Les Boches nous laissent tranquilles ici pour l’instant, mais la pluie est bien incommode. Le capitaine m’a rejoint à 1hr du matin. La danse avait continué après mon départ. En tout deux mille obus environ sont tombés sur notre position de la forêt et j’estime que nous nous en tirons à bon compte.

Vendredi 21 Juin

Mon installation est la même que ces deux derniers jours : c’est la misère, mais la parfaite tranquillité. J’économise mes cartes de correspondance car la petite provision que j’avais glissée dans ma pochette à cartes s’épuise et j’ignore quand il me sera possible de puiser à mes réserves. Demain de 5hrs du matin à 7hrs du soir, je prends mon tour de service à l’observatoire, à 3kms d’ici.

Mercredi 26 Juin

Je suis très inquiet de l’état de santé de ma belle-mère ; il me semble que c’est fort grave, et c’est avec impatience et avec anxiété que j’attends de prochaines nouvelles.

Jeudi 27 Juin

Je marque cette date, mais je n’ose regarder ma montre et il aurait trop de chances pour que j’aie passé ce jour sans écrire... Depuis mardi, c’est la nuit que nous travaillons, et le jour nous restons terrés dans des trous, nos canons et nos travaux invisibles sous le blé et l’herbe rapportés. L’attaque est pour bientôt : 5hrs ; je veille en attendant le capitaine retenu près du chef d’escadron, pour achever avec lui la préparation de notre tir.

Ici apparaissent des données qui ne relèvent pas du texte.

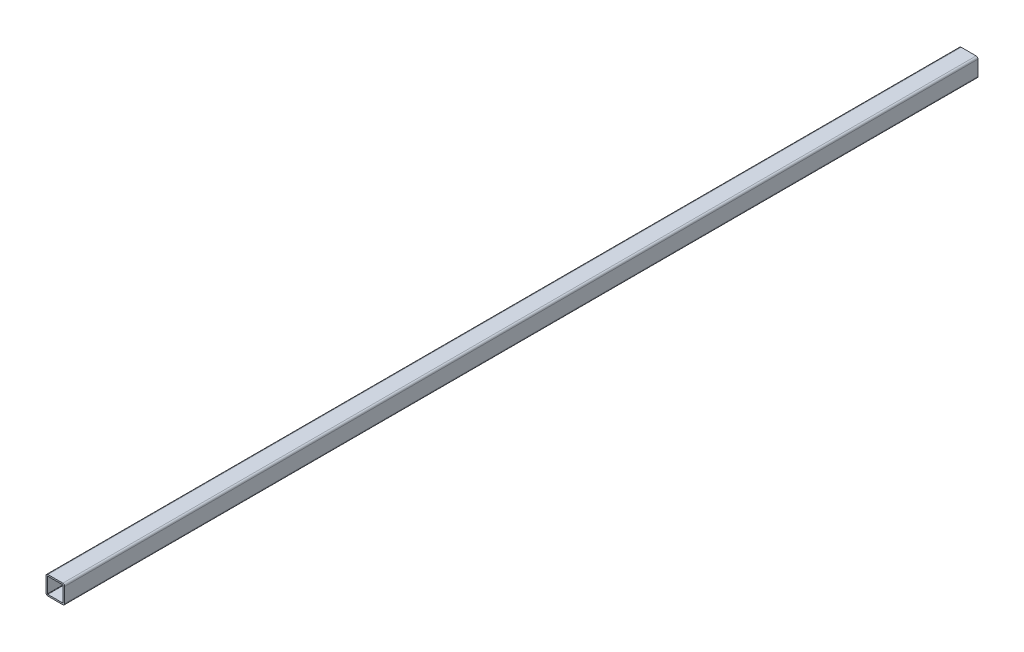
ISO-10303-21;
HEADER;
FILE_DESCRIPTION(('STEP AP214'),'2;1');
FILE_NAME('part.step','',(''),(''),'','','');
FILE_SCHEMA(('AUTOMOTIVE_DESIGN { 1 0 10303 214 1 1 1 1 }'));
ENDSEC;
DATA;
#1=APPLICATION_CONTEXT('core data for automotive mechanical design processes');
#2=APPLICATION_PROTOCOL_DEFINITION('international standard','automotive_design',2000,#1);
#3=PRODUCT_CONTEXT('',#1,'mechanical');
#4=PRODUCT('Part','Part','',(#3));
#5=PRODUCT_RELATED_PRODUCT_CATEGORY('part','',(#4));
#6=PRODUCT_DEFINITION_FORMATION('','',#4);
#7=PRODUCT_DEFINITION_CONTEXT('part definition',#1,'design');
#8=PRODUCT_DEFINITION('design','',#6,#7);
#9=PRODUCT_DEFINITION_SHAPE('','',#8);
#10=(LENGTH_UNIT() NAMED_UNIT(*) SI_UNIT(.MILLI.,.METRE.));
#11=(NAMED_UNIT(*) PLANE_ANGLE_UNIT() SI_UNIT($,.RADIAN.));
#12=(NAMED_UNIT(*) SI_UNIT($,.STERADIAN.) SOLID_ANGLE_UNIT());
#13=UNCERTAINTY_MEASURE_WITH_UNIT(LENGTH_MEASURE(1.E-05),#10,'distance_accuracy_value','');
#14=(GEOMETRIC_REPRESENTATION_CONTEXT(3) GLOBAL_UNCERTAINTY_ASSIGNED_CONTEXT((#13)) GLOBAL_UNIT_ASSIGNED_CONTEXT((#10,
#11,#12)) REPRESENTATION_CONTEXT('',''));
#15=CARTESIAN_POINT('',(0.,0.,0.));
#16=DIRECTION('',(0.,0.,1.));
#17=DIRECTION('',(1.,0.,0.));
#18=AXIS2_PLACEMENT_3D('',#15,#16,#17);
#19=CARTESIAN_POINT('',(-10.,10.,609.6));
#20=DIRECTION('',(0.,0.,1.));
#21=DIRECTION('',(1.,0.,0.));
#22=AXIS2_PLACEMENT_3D('',#19,#20,#21);
#23=PLANE('',#22);
#24=CARTESIAN_POINT('',(-10.,10.,609.6));
#25=DIRECTION('',(0.,0.,1.));
#26=DIRECTION('',(1.,0.,0.));
#27=AXIS2_PLACEMENT_3D('',#24,#25,#26);
#28=CIRCLE('',#27,2.5);
#29=CARTESIAN_POINT('',(-10.,12.5,609.6));
#30=VERTEX_POINT('',#29);
#31=CARTESIAN_POINT('',(-12.5,10.,609.6));
#32=VERTEX_POINT('',#31);
#33=EDGE_CURVE('E258',#30,#32,#28,.T.);
#34=ORIENTED_EDGE('',*,*,#33,.T.);
#35=DIRECTION('',(0.,-1.,0.));
#36=VECTOR('',#35,1.);
#37=CARTESIAN_POINT('',(-12.5,-10.,609.6));
#38=LINE('',#37,#36);
#39=CARTESIAN_POINT('',(-12.5,-10.,609.6));
#40=VERTEX_POINT('',#39);
#41=EDGE_CURVE('E261',#32,#40,#38,.T.);
#42=ORIENTED_EDGE('',*,*,#41,.T.);
#43=CARTESIAN_POINT('',(-10.,-10.,609.6));
#44=DIRECTION('',(0.,0.,1.));
#45=DIRECTION('',(-1.,0.,0.));
#46=AXIS2_PLACEMENT_3D('',#43,#44,#45);
#47=CIRCLE('',#46,2.5);
#48=CARTESIAN_POINT('',(-10.,-12.5,609.6));
#49=VERTEX_POINT('',#48);
#50=EDGE_CURVE('E264',#40,#49,#47,.T.);
#51=ORIENTED_EDGE('',*,*,#50,.T.);
#52=DIRECTION('',(1.,0.,0.));
#53=VECTOR('',#52,1.);
#54=CARTESIAN_POINT('',(10.,-12.5,609.6));
#55=LINE('',#54,#53);
#56=CARTESIAN_POINT('',(10.,-12.5,609.6));
#57=VERTEX_POINT('',#56);
#58=EDGE_CURVE('E266',#49,#57,#55,.T.);
#59=ORIENTED_EDGE('',*,*,#58,.T.);
#60=CARTESIAN_POINT('',(10.,-10.,609.6));
#61=DIRECTION('',(0.,0.,1.));
#62=DIRECTION('',(1.,0.,0.));
#63=AXIS2_PLACEMENT_3D('',#60,#61,#62);
#64=CIRCLE('',#63,2.5);
#65=CARTESIAN_POINT('',(12.5,-10.,609.6));
#66=VERTEX_POINT('',#65);
#67=EDGE_CURVE('E268',#57,#66,#64,.T.);
#68=ORIENTED_EDGE('',*,*,#67,.T.);
#69=DIRECTION('',(0.,1.,0.));
#70=VECTOR('',#69,1.);
#71=CARTESIAN_POINT('',(12.5,-10.,609.6));
#72=LINE('',#71,#70);
#73=CARTESIAN_POINT('',(12.5,10.,609.6));
#74=VERTEX_POINT('',#73);
#75=EDGE_CURVE('E270',#66,#74,#72,.T.);
#76=ORIENTED_EDGE('',*,*,#75,.T.);
#77=CARTESIAN_POINT('',(10.,10.,609.6));
#78=DIRECTION('',(0.,0.,1.));
#79=DIRECTION('',(1.,0.,0.));
#80=AXIS2_PLACEMENT_3D('',#77,#78,#79);
#81=CIRCLE('',#80,2.5);
#82=CARTESIAN_POINT('',(10.,12.5,609.6));
#83=VERTEX_POINT('',#82);
#84=EDGE_CURVE('E272',#74,#83,#81,.T.);
#85=ORIENTED_EDGE('',*,*,#84,.T.);
#86=DIRECTION('',(-1.,0.,0.));
#87=VECTOR('',#86,1.);
#88=CARTESIAN_POINT('',(10.,12.5,609.6));
#89=LINE('',#88,#87);
#90=EDGE_CURVE('E274',#83,#30,#89,.T.);
#91=ORIENTED_EDGE('',*,*,#90,.T.);
#92=EDGE_LOOP('',(#34,#42,#51,#59,#68,#76,#85,#91));
#93=FACE_BOUND('',#92,.T.);
#94=DIRECTION('',(0.,-1.,0.));
#95=VECTOR('',#94,1.);
#96=CARTESIAN_POINT('',(-10.5,-10.,609.6));
#97=LINE('',#96,#95);
#98=CARTESIAN_POINT('',(-10.5,10.,609.6));
#99=VERTEX_POINT('',#98);
#100=CARTESIAN_POINT('',(-10.5,-10.,609.6));
#101=VERTEX_POINT('',#100);
#102=EDGE_CURVE('E201',#99,#101,#97,.T.);
#103=ORIENTED_EDGE('',*,*,#102,.F.);
#104=CARTESIAN_POINT('',(-10.,10.,609.6));
#105=DIRECTION('',(0.,0.,1.));
#106=DIRECTION('',(1.,0.,0.));
#107=AXIS2_PLACEMENT_3D('',#104,#105,#106);
#108=CIRCLE('',#107,0.5);
#109=CARTESIAN_POINT('',(-10.,10.5,609.6));
#110=VERTEX_POINT('',#109);
#111=EDGE_CURVE('E193',#110,#99,#108,.T.);
#112=ORIENTED_EDGE('',*,*,#111,.F.);
#113=DIRECTION('',(-1.,0.,0.));
#114=VECTOR('',#113,1.);
#115=CARTESIAN_POINT('',(10.,10.5,609.6));
#116=LINE('',#115,#114);
#117=CARTESIAN_POINT('',(10.,10.5,609.6));
#118=VERTEX_POINT('',#117);
#119=EDGE_CURVE('E226',#118,#110,#116,.T.);
#120=ORIENTED_EDGE('',*,*,#119,.F.);
#121=CARTESIAN_POINT('',(10.,10.,609.6));
#122=DIRECTION('',(0.,0.,1.));
#123=DIRECTION('',(1.,0.,0.));
#124=AXIS2_PLACEMENT_3D('',#121,#122,#123);
#125=CIRCLE('',#124,0.499999999999997);
#126=CARTESIAN_POINT('',(10.5,10.,609.6));
#127=VERTEX_POINT('',#126);
#128=EDGE_CURVE('E224',#127,#118,#125,.T.);
#129=ORIENTED_EDGE('',*,*,#128,.F.);
#130=DIRECTION('',(0.,1.,0.));
#131=VECTOR('',#130,1.);
#132=CARTESIAN_POINT('',(10.5,-10.,609.6));
#133=LINE('',#132,#131);
#134=CARTESIAN_POINT('',(10.5,-10.,609.6));
#135=VERTEX_POINT('',#134);
#136=EDGE_CURVE('E222',#135,#127,#133,.T.);
#137=ORIENTED_EDGE('',*,*,#136,.F.);
#138=CARTESIAN_POINT('',(10.,-10.,609.6));
#139=DIRECTION('',(0.,0.,1.));
#140=DIRECTION('',(1.,0.,0.));
#141=AXIS2_PLACEMENT_3D('',#138,#139,#140);
#142=CIRCLE('',#141,0.499999999999999);
#143=CARTESIAN_POINT('',(10.,-10.5,609.6));
#144=VERTEX_POINT('',#143);
#145=EDGE_CURVE('E220',#144,#135,#142,.T.);
#146=ORIENTED_EDGE('',*,*,#145,.F.);
#147=DIRECTION('',(1.,0.,0.));
#148=VECTOR('',#147,1.);
#149=CARTESIAN_POINT('',(10.,-10.5,609.6));
#150=LINE('',#149,#148);
#151=CARTESIAN_POINT('',(-10.,-10.5,609.6));
#152=VERTEX_POINT('',#151);
#153=EDGE_CURVE('E216',#152,#144,#150,.T.);
#154=ORIENTED_EDGE('',*,*,#153,.F.);
#155=CARTESIAN_POINT('',(-10.,-10.,609.6));
#156=DIRECTION('',(0.,0.,1.));
#157=DIRECTION('',(1.,0.,0.));
#158=AXIS2_PLACEMENT_3D('',#155,#156,#157);
#159=CIRCLE('',#158,0.500000000000001);
#160=EDGE_CURVE('E214',#101,#152,#159,.T.);
#161=ORIENTED_EDGE('',*,*,#160,.F.);
#162=EDGE_LOOP('',(#103,#112,#120,#129,#137,#146,#154,#161));
#163=FACE_BOUND('',#162,.T.);
#164=ADVANCED_FACE('F80',(#93,#163),#23,.T.);
#165=CARTESIAN_POINT('',(-10.,10.,-609.6));
#166=DIRECTION('',(0.,0.,1.));
#167=DIRECTION('',(1.,0.,0.));
#168=AXIS2_PLACEMENT_3D('',#165,#166,#167);
#169=PLANE('',#168);
#170=CARTESIAN_POINT('',(-10.,10.,-609.6));
#171=DIRECTION('',(0.,0.,1.));
#172=DIRECTION('',(1.,0.,0.));
#173=AXIS2_PLACEMENT_3D('',#170,#171,#172);
#174=CIRCLE('',#173,2.5);
#175=CARTESIAN_POINT('',(-10.,12.5,-609.6));
#176=VERTEX_POINT('',#175);
#177=CARTESIAN_POINT('',(-12.5,10.,-609.6));
#178=VERTEX_POINT('',#177);
#179=EDGE_CURVE('E209',#176,#178,#174,.T.);
#180=ORIENTED_EDGE('',*,*,#179,.F.);
#181=DIRECTION('',(-1.,0.,0.));
#182=VECTOR('',#181,1.);
#183=CARTESIAN_POINT('',(10.,12.5,-609.6));
#184=LINE('',#183,#182);
#185=CARTESIAN_POINT('',(10.,12.5,-609.6));
#186=VERTEX_POINT('',#185);
#187=EDGE_CURVE('E262',#186,#176,#184,.T.);
#188=ORIENTED_EDGE('',*,*,#187,.F.);
#189=CARTESIAN_POINT('',(10.,10.,-609.6));
#190=DIRECTION('',(0.,0.,1.));
#191=DIRECTION('',(1.,0.,0.));
#192=AXIS2_PLACEMENT_3D('',#189,#190,#191);
#193=CIRCLE('',#192,2.5);
#194=CARTESIAN_POINT('',(12.5,10.,-609.6));
#195=VERTEX_POINT('',#194);
#196=EDGE_CURVE('E289',#195,#186,#193,.T.);
#197=ORIENTED_EDGE('',*,*,#196,.F.);
#198=DIRECTION('',(0.,1.,0.));
#199=VECTOR('',#198,1.);
#200=CARTESIAN_POINT('',(12.5,-10.,-609.6));
#201=LINE('',#200,#199);
#202=CARTESIAN_POINT('',(12.5,-10.,-609.6));
#203=VERTEX_POINT('',#202);
#204=EDGE_CURVE('E287',#203,#195,#201,.T.);
#205=ORIENTED_EDGE('',*,*,#204,.F.);
#206=CARTESIAN_POINT('',(10.,-10.,-609.6));
#207=DIRECTION('',(0.,0.,1.));
#208=DIRECTION('',(1.,0.,0.));
#209=AXIS2_PLACEMENT_3D('',#206,#207,#208);
#210=CIRCLE('',#209,2.5);
#211=CARTESIAN_POINT('',(10.,-12.5,-609.6));
#212=VERTEX_POINT('',#211);
#213=EDGE_CURVE('E285',#212,#203,#210,.T.);
#214=ORIENTED_EDGE('',*,*,#213,.F.);
#215=DIRECTION('',(1.,0.,0.));
#216=VECTOR('',#215,1.);
#217=CARTESIAN_POINT('',(10.,-12.5,-609.6));
#218=LINE('',#217,#216);
#219=CARTESIAN_POINT('',(-10.,-12.5,-609.6));
#220=VERTEX_POINT('',#219);
#221=EDGE_CURVE('E283',#220,#212,#218,.T.);
#222=ORIENTED_EDGE('',*,*,#221,.F.);
#223=CARTESIAN_POINT('',(-10.,-10.,-609.6));
#224=DIRECTION('',(0.,0.,1.));
#225=DIRECTION('',(-1.,0.,0.));
#226=AXIS2_PLACEMENT_3D('',#223,#224,#225);
#227=CIRCLE('',#226,2.5);
#228=CARTESIAN_POINT('',(-12.5,-10.,-609.6));
#229=VERTEX_POINT('',#228);
#230=EDGE_CURVE('E281',#229,#220,#227,.T.);
#231=ORIENTED_EDGE('',*,*,#230,.F.);
#232=DIRECTION('',(0.,-1.,0.));
#233=VECTOR('',#232,1.);
#234=CARTESIAN_POINT('',(-12.5,-10.,-609.6));
#235=LINE('',#234,#233);
#236=EDGE_CURVE('E279',#178,#229,#235,.T.);
#237=ORIENTED_EDGE('',*,*,#236,.F.);
#238=EDGE_LOOP('',(#180,#188,#197,#205,#214,#222,#231,#237));
#239=FACE_BOUND('',#238,.T.);
#240=CARTESIAN_POINT('',(-10.,10.,-609.6));
#241=DIRECTION('',(0.,0.,1.));
#242=DIRECTION('',(1.,0.,0.));
#243=AXIS2_PLACEMENT_3D('',#240,#241,#242);
#244=CIRCLE('',#243,0.5);
#245=CARTESIAN_POINT('',(-10.,10.5,-609.6));
#246=VERTEX_POINT('',#245);
#247=CARTESIAN_POINT('',(-10.5,10.,-609.6));
#248=VERTEX_POINT('',#247);
#249=EDGE_CURVE('E103',#246,#248,#244,.T.);
#250=ORIENTED_EDGE('',*,*,#249,.T.);
#251=DIRECTION('',(0.,-1.,0.));
#252=VECTOR('',#251,1.);
#253=CARTESIAN_POINT('',(-10.5,-10.,-609.6));
#254=LINE('',#253,#252);
#255=CARTESIAN_POINT('',(-10.5,-10.,-609.6));
#256=VERTEX_POINT('',#255);
#257=EDGE_CURVE('E208',#248,#256,#254,.T.);
#258=ORIENTED_EDGE('',*,*,#257,.T.);
#259=CARTESIAN_POINT('',(-10.,-10.,-609.6));
#260=DIRECTION('',(0.,0.,1.));
#261=DIRECTION('',(1.,0.,0.));
#262=AXIS2_PLACEMENT_3D('',#259,#260,#261);
#263=CIRCLE('',#262,0.500000000000001);
#264=CARTESIAN_POINT('',(-10.,-10.5,-609.6));
#265=VERTEX_POINT('',#264);
#266=EDGE_CURVE('E230',#256,#265,#263,.T.);
#267=ORIENTED_EDGE('',*,*,#266,.T.);
#268=DIRECTION('',(1.,0.,0.));
#269=VECTOR('',#268,1.);
#270=CARTESIAN_POINT('',(10.,-10.5,-609.6));
#271=LINE('',#270,#269);
#272=CARTESIAN_POINT('',(10.,-10.5,-609.6));
#273=VERTEX_POINT('',#272);
#274=EDGE_CURVE('E233',#265,#273,#271,.T.);
#275=ORIENTED_EDGE('',*,*,#274,.T.);
#276=CARTESIAN_POINT('',(10.,-10.,-609.6));
#277=DIRECTION('',(0.,0.,1.));
#278=DIRECTION('',(1.,0.,0.));
#279=AXIS2_PLACEMENT_3D('',#276,#277,#278);
#280=CIRCLE('',#279,0.499999999999999);
#281=CARTESIAN_POINT('',(10.5,-10.,-609.6));
#282=VERTEX_POINT('',#281);
#283=EDGE_CURVE('E236',#273,#282,#280,.T.);
#284=ORIENTED_EDGE('',*,*,#283,.T.);
#285=DIRECTION('',(0.,1.,0.));
#286=VECTOR('',#285,1.);
#287=CARTESIAN_POINT('',(10.5,-10.,-609.6));
#288=LINE('',#287,#286);
#289=CARTESIAN_POINT('',(10.5,10.,-609.6));
#290=VERTEX_POINT('',#289);
#291=EDGE_CURVE('E239',#282,#290,#288,.T.);
#292=ORIENTED_EDGE('',*,*,#291,.T.);
#293=CARTESIAN_POINT('',(10.,10.,-609.6));
#294=DIRECTION('',(0.,0.,1.));
#295=DIRECTION('',(1.,0.,0.));
#296=AXIS2_PLACEMENT_3D('',#293,#294,#295);
#297=CIRCLE('',#296,0.499999999999997);
#298=CARTESIAN_POINT('',(10.,10.5,-609.6));
#299=VERTEX_POINT('',#298);
#300=EDGE_CURVE('E242',#290,#299,#297,.T.);
#301=ORIENTED_EDGE('',*,*,#300,.T.);
#302=DIRECTION('',(-1.,0.,0.));
#303=VECTOR('',#302,1.);
#304=CARTESIAN_POINT('',(10.,10.5,-609.6));
#305=LINE('',#304,#303);
#306=EDGE_CURVE('E202',#299,#246,#305,.T.);
#307=ORIENTED_EDGE('',*,*,#306,.T.);
#308=EDGE_LOOP('',(#250,#258,#267,#275,#284,#292,#301,#307));
#309=FACE_BOUND('',#308,.T.);
#310=ADVANCED_FACE('F319',(#239,#309),#169,.F.);
#311=CARTESIAN_POINT('',(-10.,10.,609.6));
#312=DIRECTION('',(0.,0.,-1.));
#313=DIRECTION('',(-1.,0.,0.));
#314=AXIS2_PLACEMENT_3D('',#311,#312,#313);
#315=CYLINDRICAL_SURFACE('',#314,2.5);
#316=ORIENTED_EDGE('',*,*,#179,.T.);
#317=DIRECTION('',(0.,0.,-1.));
#318=VECTOR('',#317,1.);
#319=CARTESIAN_POINT('',(-12.5,10.,609.6));
#320=LINE('',#319,#318);
#321=EDGE_CURVE('E12',#32,#178,#320,.T.);
#322=ORIENTED_EDGE('',*,*,#321,.F.);
#323=ORIENTED_EDGE('',*,*,#33,.F.);
#324=DIRECTION('',(0.,0.,-1.));
#325=VECTOR('',#324,1.);
#326=CARTESIAN_POINT('',(-10.,12.5,609.6));
#327=LINE('',#326,#325);
#328=EDGE_CURVE('E276',#30,#176,#327,.T.);
#329=ORIENTED_EDGE('',*,*,#328,.T.);
#330=EDGE_LOOP('',(#316,#322,#323,#329));
#331=FACE_BOUND('',#330,.T.);
#332=ADVANCED_FACE('F82',(#331),#315,.T.);
#333=CARTESIAN_POINT('',(-12.5,-10.,609.6));
#334=DIRECTION('',(1.,0.,0.));
#335=DIRECTION('',(0.,0.,-1.));
#336=AXIS2_PLACEMENT_3D('',#333,#334,#335);
#337=PLANE('',#336);
#338=ORIENTED_EDGE('',*,*,#236,.T.);
#339=DIRECTION('',(0.,0.,-1.));
#340=VECTOR('',#339,1.);
#341=CARTESIAN_POINT('',(-12.5,-10.,609.6));
#342=LINE('',#341,#340);
#343=EDGE_CURVE('E88',#40,#229,#342,.T.);
#344=ORIENTED_EDGE('',*,*,#343,.F.);
#345=ORIENTED_EDGE('',*,*,#41,.F.);
#346=ORIENTED_EDGE('',*,*,#321,.T.);
#347=EDGE_LOOP('',(#338,#344,#345,#346));
#348=FACE_BOUND('',#347,.T.);
#349=ADVANCED_FACE('F336',(#348),#337,.F.);
#350=CARTESIAN_POINT('',(-10.,-10.,609.6));
#351=DIRECTION('',(0.,0.,-1.));
#352=DIRECTION('',(-1.,0.,0.));
#353=AXIS2_PLACEMENT_3D('',#350,#351,#352);
#354=CYLINDRICAL_SURFACE('',#353,2.5);
#355=ORIENTED_EDGE('',*,*,#230,.T.);
#356=DIRECTION('',(0.,0.,-1.));
#357=VECTOR('',#356,1.);
#358=CARTESIAN_POINT('',(-10.,-12.5,609.6));
#359=LINE('',#358,#357);
#360=EDGE_CURVE('E306',#49,#220,#359,.T.);
#361=ORIENTED_EDGE('',*,*,#360,.F.);
#362=ORIENTED_EDGE('',*,*,#50,.F.);
#363=ORIENTED_EDGE('',*,*,#343,.T.);
#364=EDGE_LOOP('',(#355,#361,#362,#363));
#365=FACE_BOUND('',#364,.T.);
#366=ADVANCED_FACE('F313',(#365),#354,.T.);
#367=CARTESIAN_POINT('',(10.,-12.5,609.6));
#368=DIRECTION('',(0.,1.,0.));
#369=DIRECTION('',(-1.,0.,0.));
#370=AXIS2_PLACEMENT_3D('',#367,#368,#369);
#371=PLANE('',#370);
#372=ORIENTED_EDGE('',*,*,#221,.T.);
#373=DIRECTION('',(0.,0.,-1.));
#374=VECTOR('',#373,1.);
#375=CARTESIAN_POINT('',(10.,-12.5,609.6));
#376=LINE('',#375,#374);
#377=EDGE_CURVE('E303',#57,#212,#376,.T.);
#378=ORIENTED_EDGE('',*,*,#377,.F.);
#379=ORIENTED_EDGE('',*,*,#58,.F.);
#380=ORIENTED_EDGE('',*,*,#360,.T.);
#381=EDGE_LOOP('',(#372,#378,#379,#380));
#382=FACE_BOUND('',#381,.T.);
#383=ADVANCED_FACE('F325',(#382),#371,.F.);
#384=CARTESIAN_POINT('',(10.,-10.,609.6));
#385=DIRECTION('',(0.,0.,-1.));
#386=DIRECTION('',(-1.,0.,0.));
#387=AXIS2_PLACEMENT_3D('',#384,#385,#386);
#388=CYLINDRICAL_SURFACE('',#387,2.5);
#389=ORIENTED_EDGE('',*,*,#213,.T.);
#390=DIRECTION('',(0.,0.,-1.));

A 10hrs du soir, on nous a apporté une soupe chaude des échelons, le seul aliment tiède que nous ayons pu prendre depuis mardi soir.

Vendredi 28 Juin

C’est terrible, au fond, d’être officier. L’attaque est terminée ; comme en chirurgie, l’opération réussit toujours, on ne meurt que des suites. Aussi je veille à tout retour offensif, avec mon petit sous-lieutenant, au milieu de ma batterie endormie, éreintée. Le capitaine, depuis 3hrs ce matin, est en permanence à l’observatoire à 1km d’ici, et je ne lui suis relié que par un fil téléphonique déroulé à travers champs.

Quel tonnerre d’artillerie pendant 2 heures et demie ce matin ! Notre infanterie a progressé de 3 kilomètres et a fait 1500 prisonniers. L’un de ceux-ci, passant près de notre groupe, nous a dit en clair français : « Vos canons ont fait un merveilleux travail, messieurs ».